From the data below, copy each line that includes the word "UNSPECIFIED".

Stored entries:
-- Opening Marker --

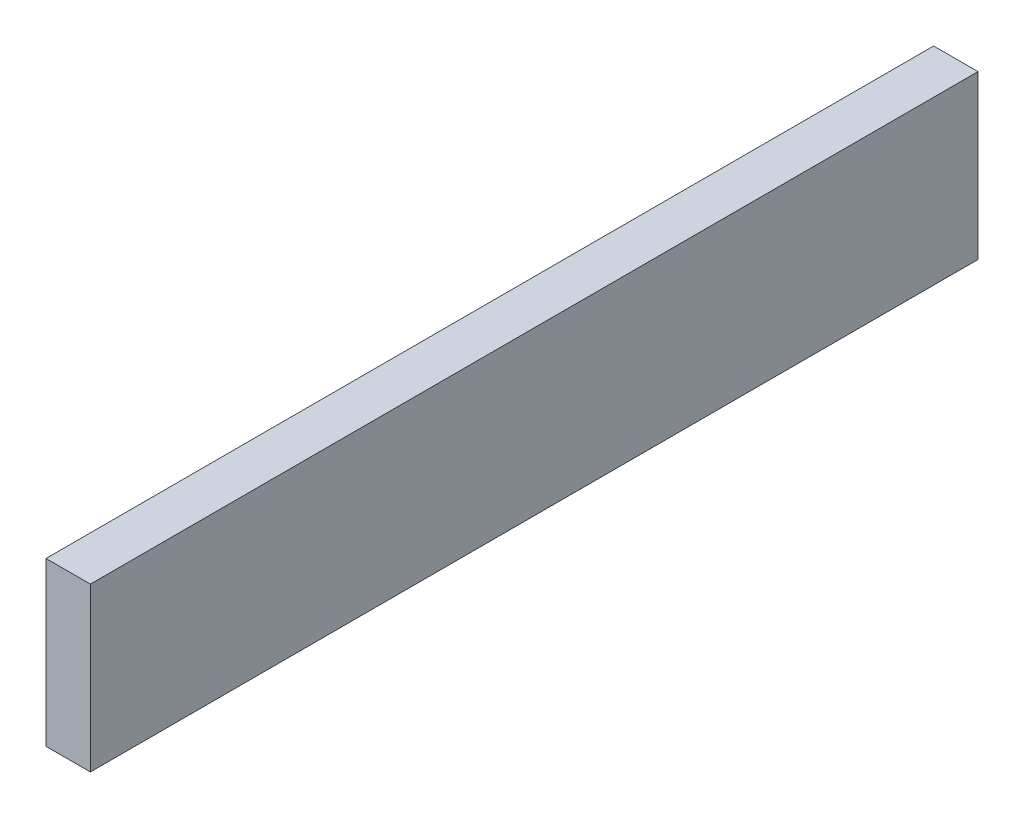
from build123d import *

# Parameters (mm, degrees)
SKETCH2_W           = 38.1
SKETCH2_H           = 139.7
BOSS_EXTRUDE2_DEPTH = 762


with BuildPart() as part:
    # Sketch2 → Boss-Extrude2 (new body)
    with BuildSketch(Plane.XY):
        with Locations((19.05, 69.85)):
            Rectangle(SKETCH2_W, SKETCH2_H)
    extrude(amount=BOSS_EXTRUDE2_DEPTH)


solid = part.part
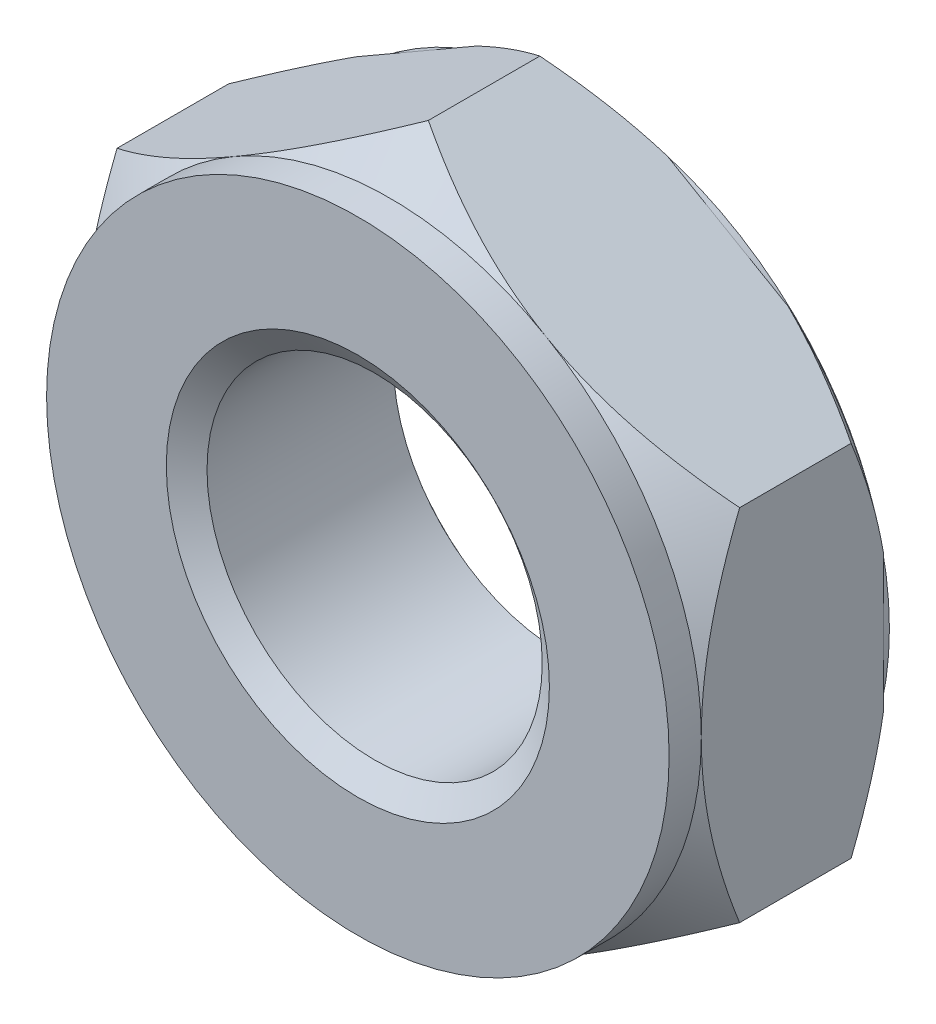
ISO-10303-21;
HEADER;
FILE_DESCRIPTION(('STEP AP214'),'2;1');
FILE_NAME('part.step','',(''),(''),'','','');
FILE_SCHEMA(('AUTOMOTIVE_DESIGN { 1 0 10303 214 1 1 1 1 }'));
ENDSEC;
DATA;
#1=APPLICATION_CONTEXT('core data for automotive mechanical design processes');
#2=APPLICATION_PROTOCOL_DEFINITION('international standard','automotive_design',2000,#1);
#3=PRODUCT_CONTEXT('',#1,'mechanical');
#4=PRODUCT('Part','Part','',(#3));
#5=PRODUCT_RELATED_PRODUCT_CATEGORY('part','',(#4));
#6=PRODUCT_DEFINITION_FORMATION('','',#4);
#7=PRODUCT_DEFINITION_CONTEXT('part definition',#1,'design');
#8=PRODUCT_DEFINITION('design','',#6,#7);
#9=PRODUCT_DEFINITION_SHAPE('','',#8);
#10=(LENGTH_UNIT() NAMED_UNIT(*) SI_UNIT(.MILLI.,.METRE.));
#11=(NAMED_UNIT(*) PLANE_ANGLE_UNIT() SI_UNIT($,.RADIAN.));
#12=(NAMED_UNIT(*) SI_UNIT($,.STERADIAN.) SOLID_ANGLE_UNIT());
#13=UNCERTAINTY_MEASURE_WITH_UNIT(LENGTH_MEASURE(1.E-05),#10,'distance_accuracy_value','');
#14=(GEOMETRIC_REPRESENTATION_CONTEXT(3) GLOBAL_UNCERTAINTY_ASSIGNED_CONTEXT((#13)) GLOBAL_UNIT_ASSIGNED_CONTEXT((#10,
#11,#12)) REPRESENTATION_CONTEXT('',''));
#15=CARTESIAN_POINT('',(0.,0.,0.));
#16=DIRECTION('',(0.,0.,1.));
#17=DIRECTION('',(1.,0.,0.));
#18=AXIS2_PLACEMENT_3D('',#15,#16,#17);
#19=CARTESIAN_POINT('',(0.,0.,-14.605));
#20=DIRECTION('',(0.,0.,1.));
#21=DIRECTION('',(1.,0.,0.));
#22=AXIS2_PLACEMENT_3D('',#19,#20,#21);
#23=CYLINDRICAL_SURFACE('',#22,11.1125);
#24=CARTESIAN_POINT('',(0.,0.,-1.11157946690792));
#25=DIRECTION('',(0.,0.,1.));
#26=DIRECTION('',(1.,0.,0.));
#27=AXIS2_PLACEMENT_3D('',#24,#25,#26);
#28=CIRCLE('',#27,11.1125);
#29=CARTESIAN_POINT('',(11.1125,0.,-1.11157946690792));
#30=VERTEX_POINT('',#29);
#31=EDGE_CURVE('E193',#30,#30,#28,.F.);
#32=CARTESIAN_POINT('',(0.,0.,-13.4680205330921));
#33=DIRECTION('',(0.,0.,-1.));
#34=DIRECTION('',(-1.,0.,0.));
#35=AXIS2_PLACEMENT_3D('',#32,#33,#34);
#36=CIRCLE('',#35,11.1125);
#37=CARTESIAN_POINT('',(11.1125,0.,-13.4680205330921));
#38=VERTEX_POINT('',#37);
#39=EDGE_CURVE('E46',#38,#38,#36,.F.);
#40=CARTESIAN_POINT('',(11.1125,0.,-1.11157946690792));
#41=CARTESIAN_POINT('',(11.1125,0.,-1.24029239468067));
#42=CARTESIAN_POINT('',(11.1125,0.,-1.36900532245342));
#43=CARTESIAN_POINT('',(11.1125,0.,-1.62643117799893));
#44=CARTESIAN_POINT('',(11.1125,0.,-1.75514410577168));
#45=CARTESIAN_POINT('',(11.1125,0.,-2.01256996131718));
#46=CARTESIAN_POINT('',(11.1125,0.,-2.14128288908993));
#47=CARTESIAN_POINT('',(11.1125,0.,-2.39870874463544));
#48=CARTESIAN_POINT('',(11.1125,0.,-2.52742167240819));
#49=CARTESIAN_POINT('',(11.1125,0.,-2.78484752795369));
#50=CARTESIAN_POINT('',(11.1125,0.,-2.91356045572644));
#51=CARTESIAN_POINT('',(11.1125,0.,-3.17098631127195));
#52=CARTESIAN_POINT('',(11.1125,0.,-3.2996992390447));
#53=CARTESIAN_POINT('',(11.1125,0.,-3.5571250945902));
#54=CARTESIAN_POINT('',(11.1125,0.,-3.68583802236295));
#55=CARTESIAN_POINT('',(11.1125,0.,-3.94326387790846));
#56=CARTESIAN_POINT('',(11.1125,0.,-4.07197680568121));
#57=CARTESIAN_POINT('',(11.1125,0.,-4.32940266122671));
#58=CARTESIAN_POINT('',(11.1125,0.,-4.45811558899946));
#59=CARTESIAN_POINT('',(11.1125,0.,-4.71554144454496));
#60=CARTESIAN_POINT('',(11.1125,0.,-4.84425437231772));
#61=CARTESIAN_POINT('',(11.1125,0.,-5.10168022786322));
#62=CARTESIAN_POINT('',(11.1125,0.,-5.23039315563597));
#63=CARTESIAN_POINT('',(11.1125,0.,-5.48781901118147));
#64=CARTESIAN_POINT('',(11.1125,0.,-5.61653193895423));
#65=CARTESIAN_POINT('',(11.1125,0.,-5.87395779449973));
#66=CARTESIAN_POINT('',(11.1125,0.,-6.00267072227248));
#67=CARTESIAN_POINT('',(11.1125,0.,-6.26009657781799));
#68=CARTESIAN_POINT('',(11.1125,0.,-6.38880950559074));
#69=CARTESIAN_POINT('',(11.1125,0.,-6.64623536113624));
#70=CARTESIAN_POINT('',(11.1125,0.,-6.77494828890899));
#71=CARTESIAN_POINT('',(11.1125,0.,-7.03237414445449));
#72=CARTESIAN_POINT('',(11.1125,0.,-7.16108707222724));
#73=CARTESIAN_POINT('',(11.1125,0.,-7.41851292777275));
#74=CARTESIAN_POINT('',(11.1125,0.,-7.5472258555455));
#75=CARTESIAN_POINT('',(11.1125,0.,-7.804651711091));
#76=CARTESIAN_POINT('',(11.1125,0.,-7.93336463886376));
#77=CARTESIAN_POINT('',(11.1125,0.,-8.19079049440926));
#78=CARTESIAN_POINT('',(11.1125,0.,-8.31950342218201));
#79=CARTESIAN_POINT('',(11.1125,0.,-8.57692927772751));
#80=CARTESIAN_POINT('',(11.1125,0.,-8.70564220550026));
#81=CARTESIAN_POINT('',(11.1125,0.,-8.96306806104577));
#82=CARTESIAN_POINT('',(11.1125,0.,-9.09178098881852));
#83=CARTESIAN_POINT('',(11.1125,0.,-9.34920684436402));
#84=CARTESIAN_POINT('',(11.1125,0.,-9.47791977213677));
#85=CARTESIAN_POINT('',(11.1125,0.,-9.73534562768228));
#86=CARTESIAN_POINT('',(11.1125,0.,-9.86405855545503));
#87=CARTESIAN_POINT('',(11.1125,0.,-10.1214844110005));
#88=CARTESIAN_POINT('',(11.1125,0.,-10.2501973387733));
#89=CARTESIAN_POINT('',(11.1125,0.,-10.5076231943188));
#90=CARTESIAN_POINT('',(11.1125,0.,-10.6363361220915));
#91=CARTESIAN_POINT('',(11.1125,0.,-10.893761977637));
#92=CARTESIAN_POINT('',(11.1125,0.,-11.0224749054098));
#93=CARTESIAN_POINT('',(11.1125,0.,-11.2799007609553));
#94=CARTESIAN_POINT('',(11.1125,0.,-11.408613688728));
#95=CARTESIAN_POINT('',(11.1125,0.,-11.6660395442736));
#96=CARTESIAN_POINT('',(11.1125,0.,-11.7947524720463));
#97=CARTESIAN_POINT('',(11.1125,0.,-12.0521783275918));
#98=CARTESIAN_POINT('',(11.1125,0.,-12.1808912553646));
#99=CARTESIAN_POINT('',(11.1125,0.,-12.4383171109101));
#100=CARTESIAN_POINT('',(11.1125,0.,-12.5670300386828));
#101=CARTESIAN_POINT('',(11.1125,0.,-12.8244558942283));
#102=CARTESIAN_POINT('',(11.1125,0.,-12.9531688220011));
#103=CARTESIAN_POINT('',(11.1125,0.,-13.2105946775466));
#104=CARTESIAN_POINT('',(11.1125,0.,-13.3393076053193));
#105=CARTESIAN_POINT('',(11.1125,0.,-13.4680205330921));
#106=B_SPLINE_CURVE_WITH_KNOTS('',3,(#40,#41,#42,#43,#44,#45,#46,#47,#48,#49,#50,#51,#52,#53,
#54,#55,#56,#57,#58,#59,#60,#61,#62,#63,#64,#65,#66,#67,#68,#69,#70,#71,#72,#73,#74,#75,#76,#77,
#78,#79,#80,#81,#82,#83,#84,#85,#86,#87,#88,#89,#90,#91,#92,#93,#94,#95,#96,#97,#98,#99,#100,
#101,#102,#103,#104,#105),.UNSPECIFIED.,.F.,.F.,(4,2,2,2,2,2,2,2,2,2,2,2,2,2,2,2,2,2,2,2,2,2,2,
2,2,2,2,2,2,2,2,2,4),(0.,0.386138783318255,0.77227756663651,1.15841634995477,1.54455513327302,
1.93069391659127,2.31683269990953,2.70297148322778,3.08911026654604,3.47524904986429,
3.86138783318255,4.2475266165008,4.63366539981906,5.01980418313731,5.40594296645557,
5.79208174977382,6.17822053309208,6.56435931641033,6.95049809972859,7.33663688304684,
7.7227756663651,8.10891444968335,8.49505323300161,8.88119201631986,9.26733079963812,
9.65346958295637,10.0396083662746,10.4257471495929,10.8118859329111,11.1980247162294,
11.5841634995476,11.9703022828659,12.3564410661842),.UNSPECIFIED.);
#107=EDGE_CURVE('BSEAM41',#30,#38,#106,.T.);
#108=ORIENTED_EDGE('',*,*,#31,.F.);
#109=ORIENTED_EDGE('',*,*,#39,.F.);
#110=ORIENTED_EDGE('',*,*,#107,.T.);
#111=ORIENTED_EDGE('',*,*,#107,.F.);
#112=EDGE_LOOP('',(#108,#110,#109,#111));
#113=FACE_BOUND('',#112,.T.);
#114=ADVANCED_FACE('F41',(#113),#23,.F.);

-- Closing Marker --

EXPECTED ANSWER:
#101,#102,#103,#104,#105),.UNSPECIFIED.,.F.,.F.,(4,2,2,2,2,2,2,2,2,2,2,2,2,2,2,2,2,2,2,2,2,2,2,
11.5841634995476,11.9703022828659,12.3564410661842),.UNSPECIFIED.);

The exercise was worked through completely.